Journal Requirements:

1. We reworked problematic areas of the manuscript

2. All coding used for the evaluation of the result was stored at GitHub and properly licenced.

3. Written consent was added

Response to Reviewers:

Manuscript: Human Scent Signature on Cartridge Case Survives Gun Being Fired: A Preliminary Study on a Potential of Scent residues as an Identification Tool (PLOS ONE) - the original file is attached to hte submission.

• p. 6, line 120, “all n detected peaks”. What is the value of n?

The argument 'all n detected peaks' was rewritten to 'all 75 selected peaks'.

• p. 6, line 129, “the N number of peak area ratios with the least standard deviation (sorted in ascending order) through all samples were included in further calculations”. 1) Is it an intrasubject standard deviation? 2) How is N determined?

1) Yes, is the intrasubject SD

2) N is a parameter chosen by the scientist responsible for the experiment. The value can be set as an integer (rigid count of SDs from each subset will be chosen), or SD value threshold can be set (then the number of the SDs will most likely vary among the subsets). We have chosen the first approach, because we found the second approach more viable for normally distributed dataset. The comment was added to the body of the article [lines 157- 160]

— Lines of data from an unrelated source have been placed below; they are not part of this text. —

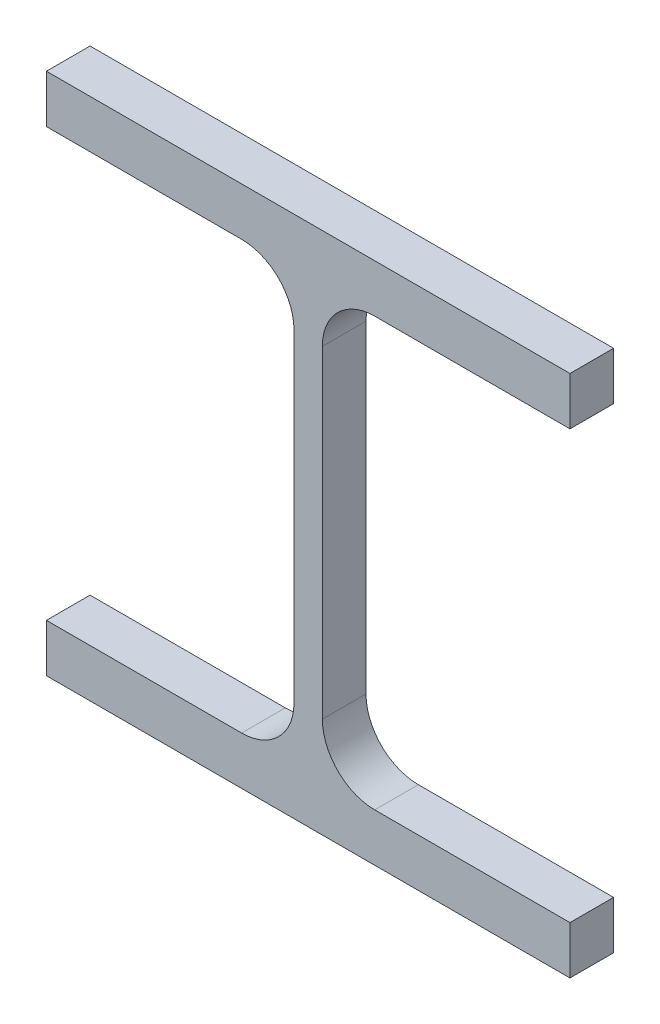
ISO-10303-21;
HEADER;
FILE_DESCRIPTION(('STEP AP214'),'2;1');
FILE_NAME('part.step','',(''),(''),'','','');
FILE_SCHEMA(('AUTOMOTIVE_DESIGN { 1 0 10303 214 1 1 1 1 }'));
ENDSEC;
DATA;
#1=APPLICATION_CONTEXT('core data for automotive mechanical design processes');
#2=APPLICATION_PROTOCOL_DEFINITION('international standard','automotive_design',2000,#1);
#3=PRODUCT_CONTEXT('',#1,'mechanical');
#4=PRODUCT('Part','Part','',(#3));
#5=PRODUCT_RELATED_PRODUCT_CATEGORY('part','',(#4));
#6=PRODUCT_DEFINITION_FORMATION('','',#4);
#7=PRODUCT_DEFINITION_CONTEXT('part definition',#1,'design');
#8=PRODUCT_DEFINITION('design','',#6,#7);
#9=PRODUCT_DEFINITION_SHAPE('','',#8);
#10=(LENGTH_UNIT() NAMED_UNIT(*) SI_UNIT(.MILLI.,.METRE.));
#11=(NAMED_UNIT(*) PLANE_ANGLE_UNIT() SI_UNIT($,.RADIAN.));
#12=(NAMED_UNIT(*) SI_UNIT($,.STERADIAN.) SOLID_ANGLE_UNIT());
#13=UNCERTAINTY_MEASURE_WITH_UNIT(LENGTH_MEASURE(1.E-05),#10,'distance_accuracy_value','');
#14=(GEOMETRIC_REPRESENTATION_CONTEXT(3) GLOBAL_UNCERTAINTY_ASSIGNED_CONTEXT((#13)) GLOBAL_UNIT_ASSIGNED_CONTEXT((#10,
#11,#12)) REPRESENTATION_CONTEXT('',''));
#15=CARTESIAN_POINT('',(0.,0.,0.));
#16=DIRECTION('',(0.,0.,1.));
#17=DIRECTION('',(1.,0.,0.));
#18=AXIS2_PLACEMENT_3D('',#15,#16,#17);
#19=CARTESIAN_POINT('',(-60.,-60.,10.));
#20=DIRECTION('',(1.,0.,0.));
#21=DIRECTION('',(0.,0.,-1.));
#22=AXIS2_PLACEMENT_3D('',#19,#20,#21);
#23=PLANE('',#22);
#24=DIRECTION('',(0.,-1.,0.));
#25=VECTOR('',#24,1.);
#26=CARTESIAN_POINT('',(-60.,-60.,0.));
#27=LINE('',#26,#25);
#28=CARTESIAN_POINT('',(-60.,-49.,0.));
#29=VERTEX_POINT('',#28);
#30=CARTESIAN_POINT('',(-60.,-60.,0.));
#31=VERTEX_POINT('',#30);
#32=EDGE_CURVE('E181',#29,#31,#27,.T.);
#33=ORIENTED_EDGE('',*,*,#32,.T.);
#34=DIRECTION('',(0.,0.,-1.));
#35=VECTOR('',#34,1.);
#36=CARTESIAN_POINT('',(-60.,-60.,10.));
#37=LINE('',#36,#35);
#38=CARTESIAN_POINT('',(-60.,-60.,10.));
#39=VERTEX_POINT('',#38);
#40=EDGE_CURVE('E11',#39,#31,#37,.T.);
#41=ORIENTED_EDGE('',*,*,#40,.F.);
#42=DIRECTION('',(0.,-1.,0.));
#43=VECTOR('',#42,1.);
#44=CARTESIAN_POINT('',(-60.,-60.,10.));
#45=LINE('',#44,#43);
#46=CARTESIAN_POINT('',(-60.,-49.,10.));
#47=VERTEX_POINT('',#46);
#48=EDGE_CURVE('E211',#47,#39,#45,.T.);
#49=ORIENTED_EDGE('',*,*,#48,.F.);
#50=DIRECTION('',(0.,0.,-1.));
#51=VECTOR('',#50,1.);
#52=CARTESIAN_POINT('',(-60.,-49.,10.));
#53=LINE('',#52,#51);
#54=EDGE_CURVE('E177',#47,#29,#53,.T.);
#55=ORIENTED_EDGE('',*,*,#54,.T.);
#56=EDGE_LOOP('',(#33,#41,#49,#55));
#57=FACE_BOUND('',#56,.T.);
#58=ADVANCED_FACE('F37',(#57),#23,.F.);
#59=CARTESIAN_POINT('',(60.,-60.,10.));
#60=DIRECTION('',(0.,1.,0.));
#61=DIRECTION('',(-1.,0.,0.));
#62=AXIS2_PLACEMENT_3D('',#59,#60,#61);
#63=PLANE('',#62);
#64=DIRECTION('',(1.,0.,0.));
#65=VECTOR('',#64,1.);
#66=CARTESIAN_POINT('',(60.,-60.,0.));
#67=LINE('',#66,#65);
#68=CARTESIAN_POINT('',(60.,-60.,0.));
#69=VERTEX_POINT('',#68);
#70=EDGE_CURVE('E184',#31,#69,#67,.T.);
#71=ORIENTED_EDGE('',*,*,#70,.T.);
#72=DIRECTION('',(0.,0.,-1.));
#73=VECTOR('',#72,1.);
#74=CARTESIAN_POINT('',(60.,-60.,10.));
#75=LINE('',#74,#73);
#76=CARTESIAN_POINT('',(60.,-60.,10.));
#77=VERTEX_POINT('',#76);
#78=EDGE_CURVE('E45',#77,#69,#75,.T.);
#79=ORIENTED_EDGE('',*,*,#78,.F.);
#80=DIRECTION('',(1.,0.,0.));
#81=VECTOR('',#80,1.);
#82=CARTESIAN_POINT('',(60.,-60.,10.));
#83=LINE('',#82,#81);
#84=EDGE_CURVE('E120',#39,#77,#83,.T.);
#85=ORIENTED_EDGE('',*,*,#84,.F.);
#86=ORIENTED_EDGE('',*,*,#40,.T.);
#87=EDGE_LOOP('',(#71,#79,#85,#86));
#88=FACE_BOUND('',#87,.T.);
#89=ADVANCED_FACE('F309',(#88),#63,.F.);
#90=CARTESIAN_POINT('',(60.,-60.,10.));
#91=DIRECTION('',(-1.,0.,0.));
#92=DIRECTION('',(0.,0.,1.));
#93=AXIS2_PLACEMENT_3D('',#90,#91,#92);
#94=PLANE('',#93);
#95=DIRECTION('',(0.,1.,0.));
#96=VECTOR('',#95,1.);
#97=CARTESIAN_POINT('',(60.,-60.,0.));
#98=LINE('',#97,#96);
#99=CARTESIAN_POINT('',(60.,-49.,0.));
#100=VERTEX_POINT('',#99);
#101=EDGE_CURVE('E186',#69,#100,#98,.T.);
#102=ORIENTED_EDGE('',*,*,#101,.T.);
#103=DIRECTION('',(0.,0.,-1.));
#104=VECTOR('',#103,1.);
#105=CARTESIAN_POINT('',(60.,-49.,10.));
#106=LINE('',#105,#104);
#107=CARTESIAN_POINT('',(60.,-49.,10.));
#108=VERTEX_POINT('',#107);
#109=EDGE_CURVE('E242',#108,#100,#106,.T.);
#110=ORIENTED_EDGE('',*,*,#109,.F.);
#111=DIRECTION('',(0.,1.,0.));
#112=VECTOR('',#111,1.);
#113=CARTESIAN_POINT('',(60.,-60.,10.));
#114=LINE('',#113,#112);
#115=EDGE_CURVE('E250',#77,#108,#114,.T.);
#116=ORIENTED_EDGE('',*,*,#115,.F.);
#117=ORIENTED_EDGE('',*,*,#78,.T.);
#118=EDGE_LOOP('',(#102,#110,#116,#117));
#119=FACE_BOUND('',#118,.T.);
#120=ADVANCED_FACE('F248',(#119),#94,.F.);
#121=CARTESIAN_POINT('',(60.,-49.,10.));
#122=DIRECTION('',(0.,-1.,0.));
#123=DIRECTION('',(1.,0.,0.));
#124=AXIS2_PLACEMENT_3D('',#121,#122,#123);
#125=PLANE('',#124);
#126=DIRECTION('',(-1.,0.,0.));
#127=VECTOR('',#126,1.);
#128=CARTESIAN_POINT('',(60.,-49.,0.));
#129=LINE('',#128,#127);
#130=CARTESIAN_POINT('',(15.25,-49.,0.));
#131=VERTEX_POINT('',#130);
#132=EDGE_CURVE('E188',#100,#131,#129,.T.);
#133=ORIENTED_EDGE('',*,*,#132,.T.);
#134=DIRECTION('',(0.,0.,-1.));
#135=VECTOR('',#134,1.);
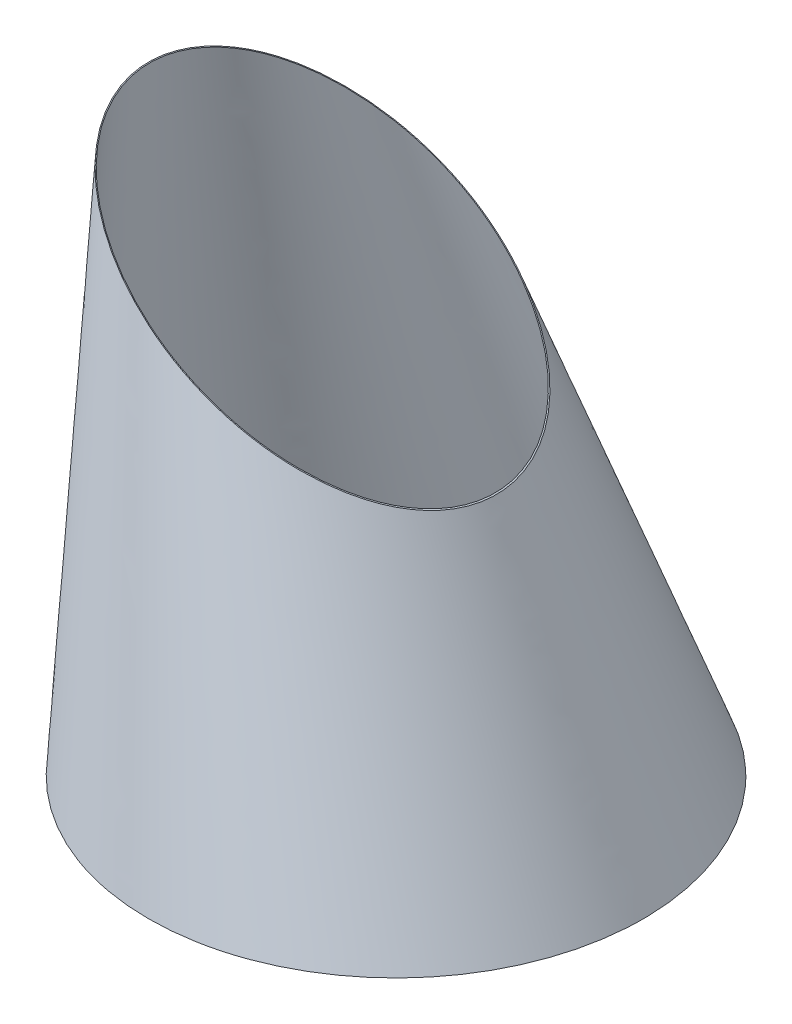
ISO-10303-21;
HEADER;
FILE_DESCRIPTION(('STEP AP214'),'2;1');
FILE_NAME('part.step','',(''),(''),'','','');
FILE_SCHEMA(('AUTOMOTIVE_DESIGN { 1 0 10303 214 1 1 1 1 }'));
ENDSEC;
DATA;
#1=APPLICATION_CONTEXT('core data for automotive mechanical design processes');
#2=APPLICATION_PROTOCOL_DEFINITION('international standard','automotive_design',2000,#1);
#3=PRODUCT_CONTEXT('',#1,'mechanical');
#4=PRODUCT('Part','Part','',(#3));
#5=PRODUCT_RELATED_PRODUCT_CATEGORY('part','',(#4));
#6=PRODUCT_DEFINITION_FORMATION('','',#4);
#7=PRODUCT_DEFINITION_CONTEXT('part definition',#1,'design');
#8=PRODUCT_DEFINITION('design','',#6,#7);
#9=PRODUCT_DEFINITION_SHAPE('','',#8);
#10=(LENGTH_UNIT() NAMED_UNIT(*) SI_UNIT(.MILLI.,.METRE.));
#11=(NAMED_UNIT(*) PLANE_ANGLE_UNIT() SI_UNIT($,.RADIAN.));
#12=(NAMED_UNIT(*) SI_UNIT($,.STERADIAN.) SOLID_ANGLE_UNIT());
#13=UNCERTAINTY_MEASURE_WITH_UNIT(LENGTH_MEASURE(1.E-05),#10,'distance_accuracy_value','');
#14=(GEOMETRIC_REPRESENTATION_CONTEXT(3) GLOBAL_UNCERTAINTY_ASSIGNED_CONTEXT((#13)) GLOBAL_UNIT_ASSIGNED_CONTEXT((#10,
#11,#12)) REPRESENTATION_CONTEXT('',''));
#15=CARTESIAN_POINT('',(0.,0.,0.));
#16=DIRECTION('',(0.,0.,1.));
#17=DIRECTION('',(1.,0.,0.));
#18=AXIS2_PLACEMENT_3D('',#15,#16,#17);
#19=CARTESIAN_POINT('',(-300.,600.,2212.12643875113));
#20=DIRECTION('',(0.500000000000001,0.866025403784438,0.));
#21=DIRECTION('',(-0.866025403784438,0.500000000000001,0.));
#22=AXIS2_PLACEMENT_3D('',#19,#20,#21);
#23=PLANE('',#22);
#24=CARTESIAN_POINT('',(-124.697223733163,498.788894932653,175.302776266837));
#25=CARTESIAN_POINT('',(-126.417622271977,499.78216749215,175.054455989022));
#26=CARTESIAN_POINT('',(-128.136056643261,500.774306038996,174.787935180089));
#27=CARTESIAN_POINT('',(-131.56830063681,502.755913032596,174.218140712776));
#28=CARTESIAN_POINT('',(-133.282110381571,503.745381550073,173.914868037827));
#29=CARTESIAN_POINT('',(-136.704450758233,505.721270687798,173.271646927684));
#30=CARTESIAN_POINT('',(-138.412981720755,506.707691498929,172.931700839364));
#31=CARTESIAN_POINT('',(-141.824213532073,508.677167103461,172.214711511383));
#32=CARTESIAN_POINT('',(-143.526914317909,509.660221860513,171.837667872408));
#33=CARTESIAN_POINT('',(-146.926083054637,511.622732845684,171.046457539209));
#34=CARTESIAN_POINT('',(-148.62255014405,512.602188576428,170.632285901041));
#35=CARTESIAN_POINT('',(-152.008232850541,514.556913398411,169.766471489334));
#36=CARTESIAN_POINT('',(-153.697448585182,515.532182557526,169.314829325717));
#37=CARTESIAN_POINT('',(-158.753178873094,518.451109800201,167.903578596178));
#38=CARTESIAN_POINT('',(-162.108104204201,520.388076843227,166.887569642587));
#39=CARTESIAN_POINT('',(-167.088634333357,523.263587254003,165.256710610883));
#40=CARTESIAN_POINT('',(-168.728627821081,524.210437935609,164.699635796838));
#41=CARTESIAN_POINT('',(-171.998820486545,526.098484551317,163.548248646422));
#42=CARTESIAN_POINT('',(-173.629019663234,527.039680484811,162.953936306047));
#43=CARTESIAN_POINT('',(-176.878703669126,528.915886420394,161.727577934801));
#44=CARTESIAN_POINT('',(-178.498188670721,529.850896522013,161.095532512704));
#45=CARTESIAN_POINT('',(-181.725697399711,531.714299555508,159.793561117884));
#46=CARTESIAN_POINT('',(-183.333721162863,532.642692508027,159.123635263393));
#47=CARTESIAN_POINT('',(-186.540350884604,534.494041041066,157.74433632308));
#48=CARTESIAN_POINT('',(-188.138934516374,535.41698373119,157.034894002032));
#49=CARTESIAN_POINT('',(-191.322670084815,537.255114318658,155.577236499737));
#50=CARTESIAN_POINT('',(-192.907822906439,538.17030272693,154.829023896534));
#51=CARTESIAN_POINT('',(-196.064225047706,539.99265235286,153.293517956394));
#52=CARTESIAN_POINT('',(-197.63547167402,540.899812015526,152.506217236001));
#53=CARTESIAN_POINT('',(-200.762742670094,542.705342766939,150.892187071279));
#54=CARTESIAN_POINT('',(-202.318766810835,543.603713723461,150.065457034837));
#55=CARTESIAN_POINT('',(-205.213456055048,545.274963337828,148.482106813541));
#56=CARTESIAN_POINT('',(-206.554107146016,546.048988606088,147.730323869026));
#57=CARTESIAN_POINT('',(-209.222351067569,547.589499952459,146.19650223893));
#58=CARTESIAN_POINT('',(-210.549944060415,548.355986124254,145.414463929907));
#59=CARTESIAN_POINT('',(-213.191389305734,549.881025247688,143.819784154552));
#60=CARTESIAN_POINT('',(-214.505240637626,550.639577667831,143.007140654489));
#61=CARTESIAN_POINT('',(-217.118285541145,552.148219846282,141.350974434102));
#62=CARTESIAN_POINT('',(-218.417478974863,552.898309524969,140.507451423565));
#63=CARTESIAN_POINT('',(-221.000919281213,554.389859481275,138.788999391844));
#64=CARTESIAN_POINT('',(-222.285159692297,555.131316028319,137.914057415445));
#65=CARTESIAN_POINT('',(-224.837274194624,556.60478002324,136.132979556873));
#66=CARTESIAN_POINT('',(-226.105148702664,557.336787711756,135.22684447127));
#67=CARTESIAN_POINT('',(-228.623510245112,558.790764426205,133.383081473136));
#68=CARTESIAN_POINT('',(-229.87399827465,559.512734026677,132.445455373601));
#69=CARTESIAN_POINT('',(-232.356794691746,560.94617720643,130.538347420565));
#70=CARTESIAN_POINT('',(-233.589101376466,561.657649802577,129.568862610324));
#71=CARTESIAN_POINT('',(-236.033004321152,563.068637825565,127.599169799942));
#72=CARTESIAN_POINT('',(-237.244623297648,563.768166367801,126.598999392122));
#73=CARTESIAN_POINT('',(-239.647621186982,565.15553784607,124.566641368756));
#74=CARTESIAN_POINT('',(-240.838999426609,565.843380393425,123.534452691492));
#75=CARTESIAN_POINT('',(-243.200273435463,567.206662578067,121.437897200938));
#76=CARTESIAN_POINT('',(-244.370169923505,567.882102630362,120.373531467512));
#77=CARTESIAN_POINT('',(-246.687304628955,569.219900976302,118.212503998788));
#78=CARTESIAN_POINT('',(-247.834543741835,569.882259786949,117.115843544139));
#79=CARTESIAN_POINT('',(-250.104785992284,571.192984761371,114.890603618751));
#80=CARTESIAN_POINT('',(-251.227798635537,571.841356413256,113.762037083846));
#81=CARTESIAN_POINT('',(-253.448690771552,573.123589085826,111.472562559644));
#82=CARTESIAN_POINT('',(-254.546571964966,573.757451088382,110.311656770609));
#83=CARTESIAN_POINT('',(-256.71575522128,575.009829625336,107.957558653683));
#84=CARTESIAN_POINT('',(-257.7870614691,575.6283485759,106.764371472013));
#85=CARTESIAN_POINT('',(-259.901861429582,576.849328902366,104.345599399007));
#86=CARTESIAN_POINT('',(-260.945354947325,577.451790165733,103.12001428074));
#87=CARTESIAN_POINT('',(-263.751455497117,579.071893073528,99.7334194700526));
#88=CARTESIAN_POINT('',(-265.485179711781,580.072859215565,97.5402849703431));
#89=CARTESIAN_POINT('',(-268.857272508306,582.019737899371,93.0589685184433));
#90=CARTESIAN_POINT('',(-270.495656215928,582.965659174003,90.7708017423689));
#91=CARTESIAN_POINT('',(-273.669100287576,584.797847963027,86.100764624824));
#92=CARTESIAN_POINT('',(-275.20416289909,585.684116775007,83.7188963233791));
#93=CARTESIAN_POINT('',(-278.161469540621,587.391518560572,78.8653991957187));
#94=CARTESIAN_POINT('',(-279.583776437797,588.212687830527,76.3938215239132));
#95=CARTESIAN_POINT('',(-282.307617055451,589.785297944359,71.3631710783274));
#96=CARTESIAN_POINT('',(-283.609144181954,590.536734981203,68.8040935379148));
#97=CARTESIAN_POINT('',(-286.082310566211,591.964618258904,63.6032259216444));
#98=CARTESIAN_POINT('',(-287.253946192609,592.641062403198,60.961433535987));
#99=CARTESIAN_POINT('',(-289.190673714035,593.75923255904,56.2520966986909));
#100=CARTESIAN_POINT('',(-289.985429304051,594.218084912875,54.2007544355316));
#101=CARTESIAN_POINT('',(-291.491510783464,595.087621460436,50.0573916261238));
#102=CARTESIAN_POINT('',(-292.202831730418,595.49830280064,47.9653686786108));
#103=CARTESIAN_POINT('',(-293.538276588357,596.269322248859,43.7445591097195));
#104=CARTESIAN_POINT('',(-294.162402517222,596.629661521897,41.6157733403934));
#105=CARTESIAN_POINT('',(-295.320201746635,597.298117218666,37.3255273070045));
#106=CARTESIAN_POINT('',(-295.853870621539,597.606231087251,35.1640654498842));
#107=CARTESIAN_POINT('',(-296.827224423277,598.168197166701,30.8149597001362));
#108=CARTESIAN_POINT('',(-297.266990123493,598.422096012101,28.6273400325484));
#109=CARTESIAN_POINT('',(-297.854681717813,598.761399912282,25.3289428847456));
#110=CARTESIAN_POINT('',(-298.038596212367,598.867582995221,24.2265732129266));
#111=CARTESIAN_POINT('',(-298.382133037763,599.065924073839,22.0167961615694));
#112=CARTESIAN_POINT('',(-298.541755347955,599.158082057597,20.9093887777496));
#113=CARTESIAN_POINT('',(-298.983834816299,599.413316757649,17.5809093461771));
#114=CARTESIAN_POINT('',(-299.229574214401,599.555194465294,15.3531892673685));
#115=CARTESIAN_POINT('',(-299.621319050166,599.781368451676,10.8864541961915));
#116=CARTESIAN_POINT('',(-299.76734110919,599.865674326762,8.64744114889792));
#117=CARTESIAN_POINT('',(-299.918006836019,599.952661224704,5.12184390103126));
#118=CARTESIAN_POINT('',(-299.956399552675,599.97482727,3.83707119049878));
#119=CARTESIAN_POINT('',(-300.000149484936,600.000086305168,1.26673156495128));
#120=CARTESIAN_POINT('',(-300.005506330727,600.003179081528,-0.0188353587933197));
#121=CARTESIAN_POINT('',(-299.983143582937,599.990267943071,-2.58944717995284));
#122=CARTESIAN_POINT('',(-299.955427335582,599.9742659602,-3.87449211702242));
#123=CARTESIAN_POINT('',(-299.867042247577,599.923236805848,-6.44306778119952));
#124=CARTESIAN_POINT('',(-299.806373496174,599.888209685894,-7.7265985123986));
#125=CARTESIAN_POINT('',(-299.652184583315,599.799188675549,-10.2909541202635));
#126=CARTESIAN_POINT('',(-299.558666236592,599.745195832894,-11.5717791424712));
#127=CARTESIAN_POINT('',(-299.338944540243,599.61833945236,-14.1296841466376));
#128=CARTESIAN_POINT('',(-299.212741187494,599.545475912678,-15.4067641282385));
#129=CARTESIAN_POINT('',(-298.927979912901,599.381068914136,-17.955966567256));
#130=CARTESIAN_POINT('',(-298.769425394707,599.289527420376,-19.2280895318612));
#131=CARTESIAN_POINT('',(-298.420245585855,599.08792836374,-21.7665088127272));
#132=CARTESIAN_POINT('',(-298.229618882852,598.977869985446,-23.0328048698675));
#133=CARTESIAN_POINT('',(-297.816651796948,598.739443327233,-25.5585057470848));
#134=CARTESIAN_POINT('',(-297.594310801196,598.611074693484,-26.8179104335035));
#135=CARTESIAN_POINT('',(-297.118405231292,598.336310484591,-29.3288164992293));
#136=CARTESIAN_POINT('',(-296.864840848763,598.189915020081,-30.5803179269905));
#137=CARTESIAN_POINT('',(-296.326960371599,597.879369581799,-33.074453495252));
#138=CARTESIAN_POINT('',(-296.042644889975,597.715219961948,-34.3170878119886));
#139=CARTESIAN_POINT('',(-295.443785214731,597.369468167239,-36.7925600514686));
#140=CARTESIAN_POINT('',(-295.129241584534,597.187866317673,-38.0253981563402));
#141=CARTESIAN_POINT('',(-294.325217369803,596.723662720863,-41.0220708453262));
#142=CARTESIAN_POINT('',(-293.819777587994,596.431846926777,-42.7802285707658));
#143=CARTESIAN_POINT('',(-292.749156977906,595.813723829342,-46.2721060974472));
#144=CARTESIAN_POINT('',(-292.183974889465,595.48741579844,-48.005825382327));
#145=CARTESIAN_POINT('',(-290.996002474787,594.801539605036,-51.4464366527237));
#146=CARTESIAN_POINT('',(-290.373220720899,594.441976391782,-53.1533325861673));
#147=CARTESIAN_POINT('',(-289.071945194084,593.690684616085,-56.5387929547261));
#148=CARTESIAN_POINT('',(-288.393444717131,593.298952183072,-58.21735395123));
#149=CARTESIAN_POINT('',(-286.98296386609,592.484610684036,-61.5442878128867));
#150=CARTESIAN_POINT('',(-286.250981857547,592.062000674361,-63.1926597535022));
#151=CARTESIAN_POINT('',(-284.735663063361,591.18713096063,-66.4577779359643));
#152=CARTESIAN_POINT('',(-283.95232197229,590.734868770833,-68.0745215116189));
#153=CARTESIAN_POINT('',(-282.33646560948,589.801953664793,-71.2751724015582));
#154=CARTESIAN_POINT('',(-281.503943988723,589.321297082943,-72.8590754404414));
#155=CARTESIAN_POINT('',(-279.79200210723,588.332906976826,-75.9927439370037));
#156=CARTESIAN_POINT('',(-278.912580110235,587.82517245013,-77.5425081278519));
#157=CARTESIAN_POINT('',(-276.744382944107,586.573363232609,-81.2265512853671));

• p. 6, line 131, “the incidence rate threshold was established”. 1) How ? 2) why is a second incidence rate threshold needed (the first one being 75% for each subject)?

1) This parameter is also chosen by the scientist responsible for the experiment. The lower tolerance to zero values means that only the common chemical compounds are kept for further analysis. The higher tolerance to zero values, on the other hand, involves even the subject-specific chemical compounds in the following analysis [lines 148 – 150].

2) The second incidence rate threshold was established because we wanted to eliminate subject-specific chemical compounds and keep only chemical compounds common for all (or majority of) subjects.

• • p. 6, line 134, “in the presented PCA models”. What PCA models? Figures 3 and 5 display score plots on the two first principal components, and the captions the percentage of the variance explained by the first 7 principal components. What is relevant to the selection?

Only the first two components were demonstrated, because they describe most of the variance. The rest of the percentage of described variance is just for informational reasons. Recalculation of the PCA models was done with a code provided to make it accessible for every reader. Another file (Calculations) was added to Supporting Information and described the models in more depth with the code provided.

• • p. 7, line 138: why is normality tested for?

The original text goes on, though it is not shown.